New superconductor gets ready for applications
May 31, 2001
The widespread use of superconductors in the distribution of electricity has moved a step closer to reality, following results from three independent research groups which indicate that magnesium diboride could be used in applications that involve both high electric currents and high magnetic fields. The results come less than five months after the surprise discovery that magnesium diboride, a simple compound, can conduct electricity without any resistance.
The transition temperature of magnesium diboride is 38 K - almost double that of any other metallic superconductor. Wires and tapes made from the new compound could therefore potentially be cooled with electrical refrigerators, which are relatively cheap, rather than cumbersome liquid-helium cooling systems. However, in its pure bulk state magnesium diboride cannot superconduct when carrying significant currents or when exposed to large magnetic fields. A magnetic field creates vortices within the material, the cores of which behave as simple conductors. When the magnetic field is high enough the vortices spread throughout the whole of the material and all superconductivity is lost. In addition, current flow moves the vortices, producing friction within the atomic lattice and so creating resistance.
However, such resistance can be overcome by defects in the material, which "pin" vortices and prevent them from moving. Now three teams of researchers have exploited this pinning effect to increase both the maximum or critical current, Jc, that the material can withstand in its superconducting state, and the irreversibility field, H*, above which resistance free currents are no longer possible.

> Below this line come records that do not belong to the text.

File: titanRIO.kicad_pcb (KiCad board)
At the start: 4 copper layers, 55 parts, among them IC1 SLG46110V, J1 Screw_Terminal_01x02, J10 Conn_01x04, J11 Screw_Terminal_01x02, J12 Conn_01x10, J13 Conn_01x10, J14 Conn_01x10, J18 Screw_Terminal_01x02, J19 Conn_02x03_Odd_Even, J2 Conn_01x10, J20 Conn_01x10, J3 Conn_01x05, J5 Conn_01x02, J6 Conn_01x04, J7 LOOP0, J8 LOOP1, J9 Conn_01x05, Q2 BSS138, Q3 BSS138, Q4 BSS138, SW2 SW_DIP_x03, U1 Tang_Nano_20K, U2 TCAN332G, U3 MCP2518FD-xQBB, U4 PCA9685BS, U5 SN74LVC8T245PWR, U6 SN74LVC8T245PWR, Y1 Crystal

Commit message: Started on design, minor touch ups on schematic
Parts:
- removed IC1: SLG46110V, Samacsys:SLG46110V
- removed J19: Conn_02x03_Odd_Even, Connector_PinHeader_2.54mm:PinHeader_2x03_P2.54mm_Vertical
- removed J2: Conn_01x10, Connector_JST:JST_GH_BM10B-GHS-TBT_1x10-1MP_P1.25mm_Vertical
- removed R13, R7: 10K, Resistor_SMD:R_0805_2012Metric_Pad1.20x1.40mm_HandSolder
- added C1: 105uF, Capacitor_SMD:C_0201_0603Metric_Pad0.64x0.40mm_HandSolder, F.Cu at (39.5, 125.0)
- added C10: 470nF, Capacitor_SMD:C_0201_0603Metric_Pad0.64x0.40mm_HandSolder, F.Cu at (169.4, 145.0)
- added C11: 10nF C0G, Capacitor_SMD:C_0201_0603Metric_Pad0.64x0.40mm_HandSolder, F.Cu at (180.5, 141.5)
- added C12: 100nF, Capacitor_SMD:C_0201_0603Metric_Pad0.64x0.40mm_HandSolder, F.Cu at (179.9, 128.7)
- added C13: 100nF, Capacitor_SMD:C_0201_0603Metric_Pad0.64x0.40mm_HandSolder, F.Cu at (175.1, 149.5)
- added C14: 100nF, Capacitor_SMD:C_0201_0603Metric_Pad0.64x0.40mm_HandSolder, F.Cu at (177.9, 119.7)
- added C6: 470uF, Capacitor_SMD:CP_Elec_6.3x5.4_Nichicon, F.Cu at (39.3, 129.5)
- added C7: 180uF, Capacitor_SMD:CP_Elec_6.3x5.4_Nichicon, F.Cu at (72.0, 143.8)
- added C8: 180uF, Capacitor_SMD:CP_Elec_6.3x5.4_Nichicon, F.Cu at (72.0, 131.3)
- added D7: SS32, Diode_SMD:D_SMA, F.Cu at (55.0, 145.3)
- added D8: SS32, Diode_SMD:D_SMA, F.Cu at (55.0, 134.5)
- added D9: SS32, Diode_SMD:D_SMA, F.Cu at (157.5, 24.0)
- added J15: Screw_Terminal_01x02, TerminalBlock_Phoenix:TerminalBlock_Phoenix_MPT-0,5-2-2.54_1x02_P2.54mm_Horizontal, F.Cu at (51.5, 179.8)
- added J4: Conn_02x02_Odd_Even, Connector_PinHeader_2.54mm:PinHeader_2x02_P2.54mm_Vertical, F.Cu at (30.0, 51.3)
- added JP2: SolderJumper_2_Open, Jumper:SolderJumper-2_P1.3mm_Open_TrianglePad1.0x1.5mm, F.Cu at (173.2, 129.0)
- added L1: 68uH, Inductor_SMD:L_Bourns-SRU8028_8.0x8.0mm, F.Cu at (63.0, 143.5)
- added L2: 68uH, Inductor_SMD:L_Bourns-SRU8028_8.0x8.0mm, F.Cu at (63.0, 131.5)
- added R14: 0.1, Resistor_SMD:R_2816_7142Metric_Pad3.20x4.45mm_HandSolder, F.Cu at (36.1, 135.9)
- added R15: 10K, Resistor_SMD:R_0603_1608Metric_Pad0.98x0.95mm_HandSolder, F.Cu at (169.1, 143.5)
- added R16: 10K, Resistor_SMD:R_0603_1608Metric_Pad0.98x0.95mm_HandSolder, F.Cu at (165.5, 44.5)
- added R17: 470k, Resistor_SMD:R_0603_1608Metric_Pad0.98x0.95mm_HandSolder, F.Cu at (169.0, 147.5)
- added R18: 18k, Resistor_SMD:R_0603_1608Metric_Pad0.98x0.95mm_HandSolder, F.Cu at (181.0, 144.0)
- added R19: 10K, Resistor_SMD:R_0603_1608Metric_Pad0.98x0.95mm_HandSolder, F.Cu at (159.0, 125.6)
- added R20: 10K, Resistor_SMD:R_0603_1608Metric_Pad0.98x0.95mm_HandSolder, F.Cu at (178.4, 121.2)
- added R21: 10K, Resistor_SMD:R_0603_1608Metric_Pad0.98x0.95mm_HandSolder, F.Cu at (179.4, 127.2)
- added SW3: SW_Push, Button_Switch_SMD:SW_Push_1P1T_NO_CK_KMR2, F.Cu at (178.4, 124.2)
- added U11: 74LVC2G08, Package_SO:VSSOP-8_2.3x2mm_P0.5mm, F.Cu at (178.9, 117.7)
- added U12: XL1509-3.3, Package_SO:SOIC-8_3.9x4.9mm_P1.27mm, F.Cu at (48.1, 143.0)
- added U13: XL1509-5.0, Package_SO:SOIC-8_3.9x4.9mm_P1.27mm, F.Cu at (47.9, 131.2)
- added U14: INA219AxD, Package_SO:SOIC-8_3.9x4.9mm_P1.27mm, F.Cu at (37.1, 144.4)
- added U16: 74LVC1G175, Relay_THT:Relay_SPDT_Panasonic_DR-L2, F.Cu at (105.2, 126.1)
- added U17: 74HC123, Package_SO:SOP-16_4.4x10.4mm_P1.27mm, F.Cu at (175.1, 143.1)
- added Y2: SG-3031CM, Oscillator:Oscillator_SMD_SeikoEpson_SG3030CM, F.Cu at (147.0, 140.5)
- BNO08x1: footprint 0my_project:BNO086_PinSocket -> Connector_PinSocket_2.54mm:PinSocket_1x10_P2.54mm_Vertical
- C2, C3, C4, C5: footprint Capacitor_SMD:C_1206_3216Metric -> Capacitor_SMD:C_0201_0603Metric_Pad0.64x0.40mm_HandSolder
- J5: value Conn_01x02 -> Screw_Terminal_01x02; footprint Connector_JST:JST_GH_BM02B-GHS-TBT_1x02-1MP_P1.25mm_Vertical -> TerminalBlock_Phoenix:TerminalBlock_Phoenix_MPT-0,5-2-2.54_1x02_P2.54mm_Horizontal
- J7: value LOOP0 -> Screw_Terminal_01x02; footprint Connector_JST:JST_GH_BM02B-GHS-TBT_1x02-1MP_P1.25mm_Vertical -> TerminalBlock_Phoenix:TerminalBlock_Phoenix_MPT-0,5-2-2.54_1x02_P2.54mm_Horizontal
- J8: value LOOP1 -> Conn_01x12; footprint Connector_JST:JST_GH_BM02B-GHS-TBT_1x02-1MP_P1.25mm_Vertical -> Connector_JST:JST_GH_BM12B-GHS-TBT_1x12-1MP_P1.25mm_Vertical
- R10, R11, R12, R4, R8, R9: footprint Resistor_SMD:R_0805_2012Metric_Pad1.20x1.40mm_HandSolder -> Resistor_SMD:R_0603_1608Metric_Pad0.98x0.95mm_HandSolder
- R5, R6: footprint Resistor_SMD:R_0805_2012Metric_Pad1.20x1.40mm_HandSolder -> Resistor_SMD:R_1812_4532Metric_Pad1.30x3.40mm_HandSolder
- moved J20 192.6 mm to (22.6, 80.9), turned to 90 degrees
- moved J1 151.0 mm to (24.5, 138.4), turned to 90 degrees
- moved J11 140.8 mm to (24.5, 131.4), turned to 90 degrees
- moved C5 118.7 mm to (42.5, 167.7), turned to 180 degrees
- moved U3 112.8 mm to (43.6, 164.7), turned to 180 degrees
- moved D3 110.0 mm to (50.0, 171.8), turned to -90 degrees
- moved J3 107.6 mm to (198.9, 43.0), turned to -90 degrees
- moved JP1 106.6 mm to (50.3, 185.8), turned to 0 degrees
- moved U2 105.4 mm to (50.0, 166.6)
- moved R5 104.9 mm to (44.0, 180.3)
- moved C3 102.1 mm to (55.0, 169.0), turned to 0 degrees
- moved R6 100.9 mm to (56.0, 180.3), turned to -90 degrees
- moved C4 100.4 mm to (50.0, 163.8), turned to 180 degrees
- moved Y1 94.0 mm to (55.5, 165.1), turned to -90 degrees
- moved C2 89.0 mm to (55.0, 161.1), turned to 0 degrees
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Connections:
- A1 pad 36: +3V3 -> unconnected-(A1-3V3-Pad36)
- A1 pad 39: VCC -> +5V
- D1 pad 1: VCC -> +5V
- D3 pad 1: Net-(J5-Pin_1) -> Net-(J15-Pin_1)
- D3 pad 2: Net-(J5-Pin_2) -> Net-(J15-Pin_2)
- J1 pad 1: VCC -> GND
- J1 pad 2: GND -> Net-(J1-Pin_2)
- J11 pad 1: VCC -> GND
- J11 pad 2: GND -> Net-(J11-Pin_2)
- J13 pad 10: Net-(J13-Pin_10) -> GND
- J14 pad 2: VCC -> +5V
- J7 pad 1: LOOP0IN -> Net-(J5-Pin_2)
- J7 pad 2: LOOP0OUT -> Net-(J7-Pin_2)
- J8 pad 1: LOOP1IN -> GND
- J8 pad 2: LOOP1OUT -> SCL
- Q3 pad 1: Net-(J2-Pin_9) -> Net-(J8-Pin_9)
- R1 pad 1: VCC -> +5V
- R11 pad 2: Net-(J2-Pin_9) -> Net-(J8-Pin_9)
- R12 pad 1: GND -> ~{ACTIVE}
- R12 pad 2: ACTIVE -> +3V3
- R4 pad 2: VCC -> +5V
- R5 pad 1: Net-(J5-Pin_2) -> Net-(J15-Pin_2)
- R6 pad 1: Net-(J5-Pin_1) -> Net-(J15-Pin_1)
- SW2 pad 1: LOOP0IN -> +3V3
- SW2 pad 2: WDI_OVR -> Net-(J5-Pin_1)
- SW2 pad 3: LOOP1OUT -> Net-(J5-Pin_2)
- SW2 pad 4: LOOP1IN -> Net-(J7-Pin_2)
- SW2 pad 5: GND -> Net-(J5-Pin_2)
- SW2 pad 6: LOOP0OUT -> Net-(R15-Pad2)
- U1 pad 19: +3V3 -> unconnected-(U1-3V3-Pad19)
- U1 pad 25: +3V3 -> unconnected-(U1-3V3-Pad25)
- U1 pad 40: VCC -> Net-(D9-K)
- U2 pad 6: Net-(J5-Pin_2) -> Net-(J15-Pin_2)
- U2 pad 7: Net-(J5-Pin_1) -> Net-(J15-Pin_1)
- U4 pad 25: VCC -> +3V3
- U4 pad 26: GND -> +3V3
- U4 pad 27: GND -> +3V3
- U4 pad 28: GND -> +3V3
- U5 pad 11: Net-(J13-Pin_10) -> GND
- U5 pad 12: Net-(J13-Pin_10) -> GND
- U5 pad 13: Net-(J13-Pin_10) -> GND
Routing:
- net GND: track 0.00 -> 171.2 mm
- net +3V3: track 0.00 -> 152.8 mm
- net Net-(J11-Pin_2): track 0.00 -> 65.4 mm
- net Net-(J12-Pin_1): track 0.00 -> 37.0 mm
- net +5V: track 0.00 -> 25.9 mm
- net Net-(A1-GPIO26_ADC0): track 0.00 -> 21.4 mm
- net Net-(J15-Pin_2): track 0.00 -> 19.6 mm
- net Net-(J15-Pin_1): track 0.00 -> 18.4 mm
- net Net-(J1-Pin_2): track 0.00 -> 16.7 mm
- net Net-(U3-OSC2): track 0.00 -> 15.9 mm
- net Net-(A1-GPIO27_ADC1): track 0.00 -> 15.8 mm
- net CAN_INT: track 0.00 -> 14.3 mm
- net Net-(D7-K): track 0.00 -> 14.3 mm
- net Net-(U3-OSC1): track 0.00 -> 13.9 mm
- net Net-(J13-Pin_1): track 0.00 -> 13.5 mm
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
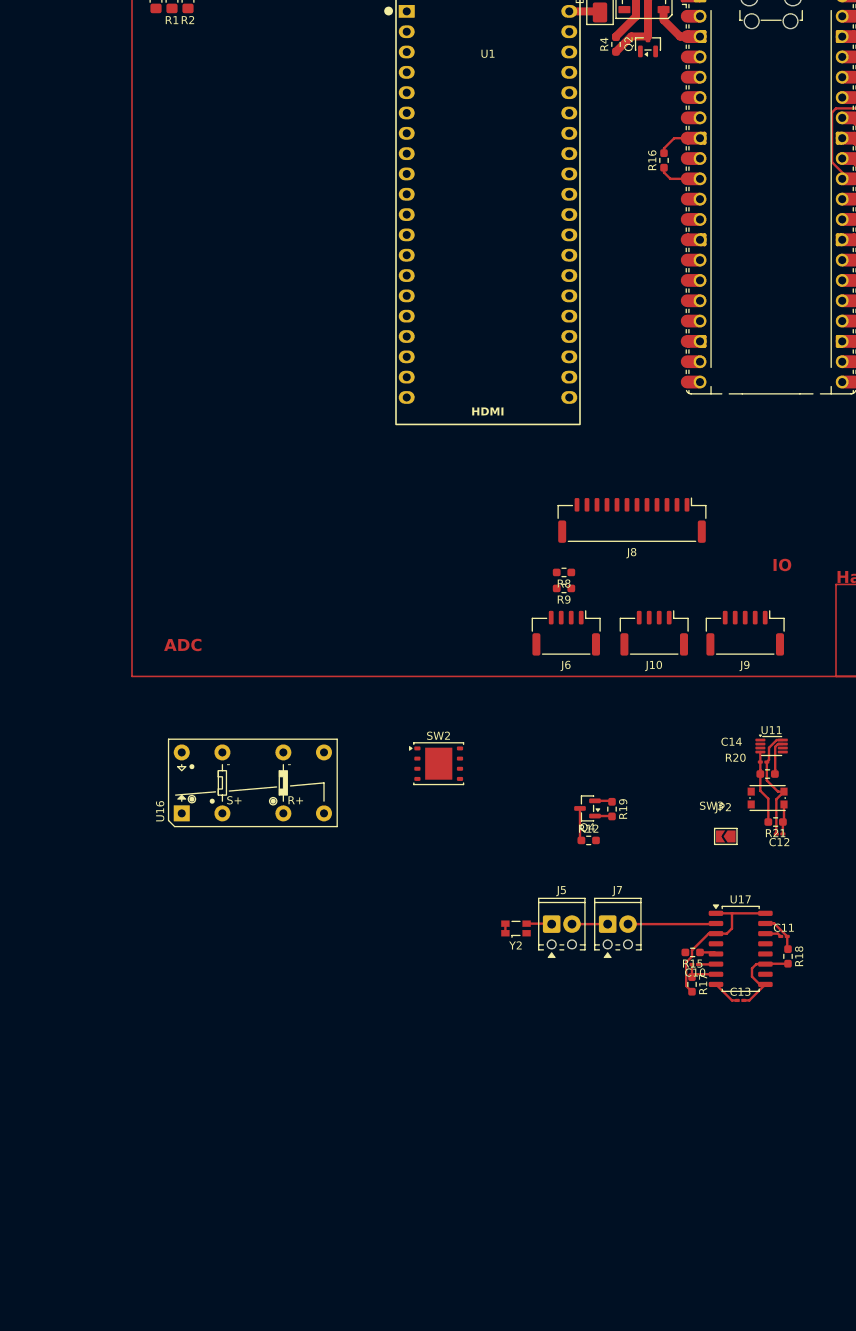
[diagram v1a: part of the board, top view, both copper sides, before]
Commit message: Did prospective safety circuit design. Terminals are backwards, remember to fix.
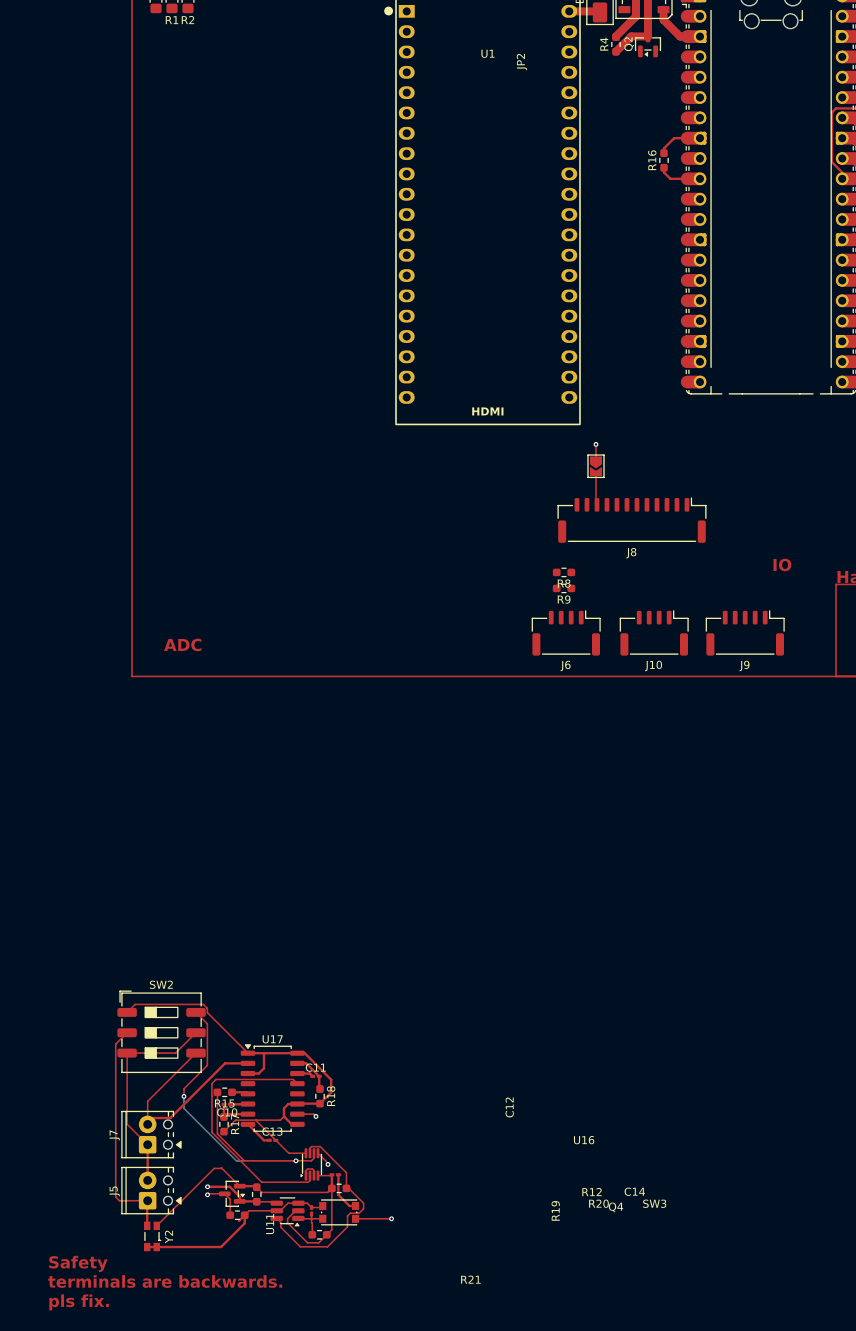
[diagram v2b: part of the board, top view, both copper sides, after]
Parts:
- SW2: footprint Package_SON:WSON-8-1EP_6x5mm_P1.27mm_EP3.4x4mm -> Button_Switch_SMD:SW_DIP_SPSTx03_Slide_9.78x9.8mm_W8.61mm_P2.54mm
- U16: footprint Relay_THT:Relay_SPDT_Panasonic_DR-L2 -> Package_TO_SOT_SMD:SOT-23-6_Handsoldering
- moved U11 77.7 mm to (121.5, 170.0), turned to 90 degrees
- moved R21 76.9 mm to (122.4, 178.8), turned to 0 degrees
- moved C12 75.1 mm to (121.4, 175.8), turned to 90 degrees
- moved R20 74.5 mm to (124.9, 173.0)
- moved SW3 74.5 mm to (124.9, 176.0)
- moved C14 74.4 mm to (124.4, 171.3)
- moved Q4 65.5 mm to (111.5, 173.7)
- moved R19 65.5 mm to (114.6, 173.8)
- moved R12 64.2 mm to (112.2, 176.3)
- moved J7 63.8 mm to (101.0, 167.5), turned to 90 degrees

By studying thin films of oxygen-doped magnesium diboride, Chang-Beom Eom of the University of Wisconsin in the US and colleagues obtained values of the irreversibility field that were double those observed in the bulk material (C Eom et al. 2001 Nature 411 558). They also significantly increased the critical current density to 100000 amps per square centimetre at 4.2 K and 10 Tesla. It is thought that the interface between the thin film and its substrate creates pinning defects in this material.
Meanwhile Yury Bugoslavsky of Imperial College in London and the General Physics Institute in Moscow, and colleagues, produced vortex pinning by irradiating samples of magnesium diboride with protons (Y Bugoslavsky et al. 2001 Nature 411 561). This group was also able to double the value of the irreversibility field and observed a much slower reduction in the critical current with applied field at 20 K.
Finally, a group at Lucent Technologies led by Sungho Jin has reported a critical current of 30000 amps per square centimetre at 25 K and 1 Tesla by cladding a sample of magnesium diboride in iron (S Jin et al. 2001 Nature 411 563). The vortex pinning in this case may have been due to the crushing and rolling used to draw the superconducting wire.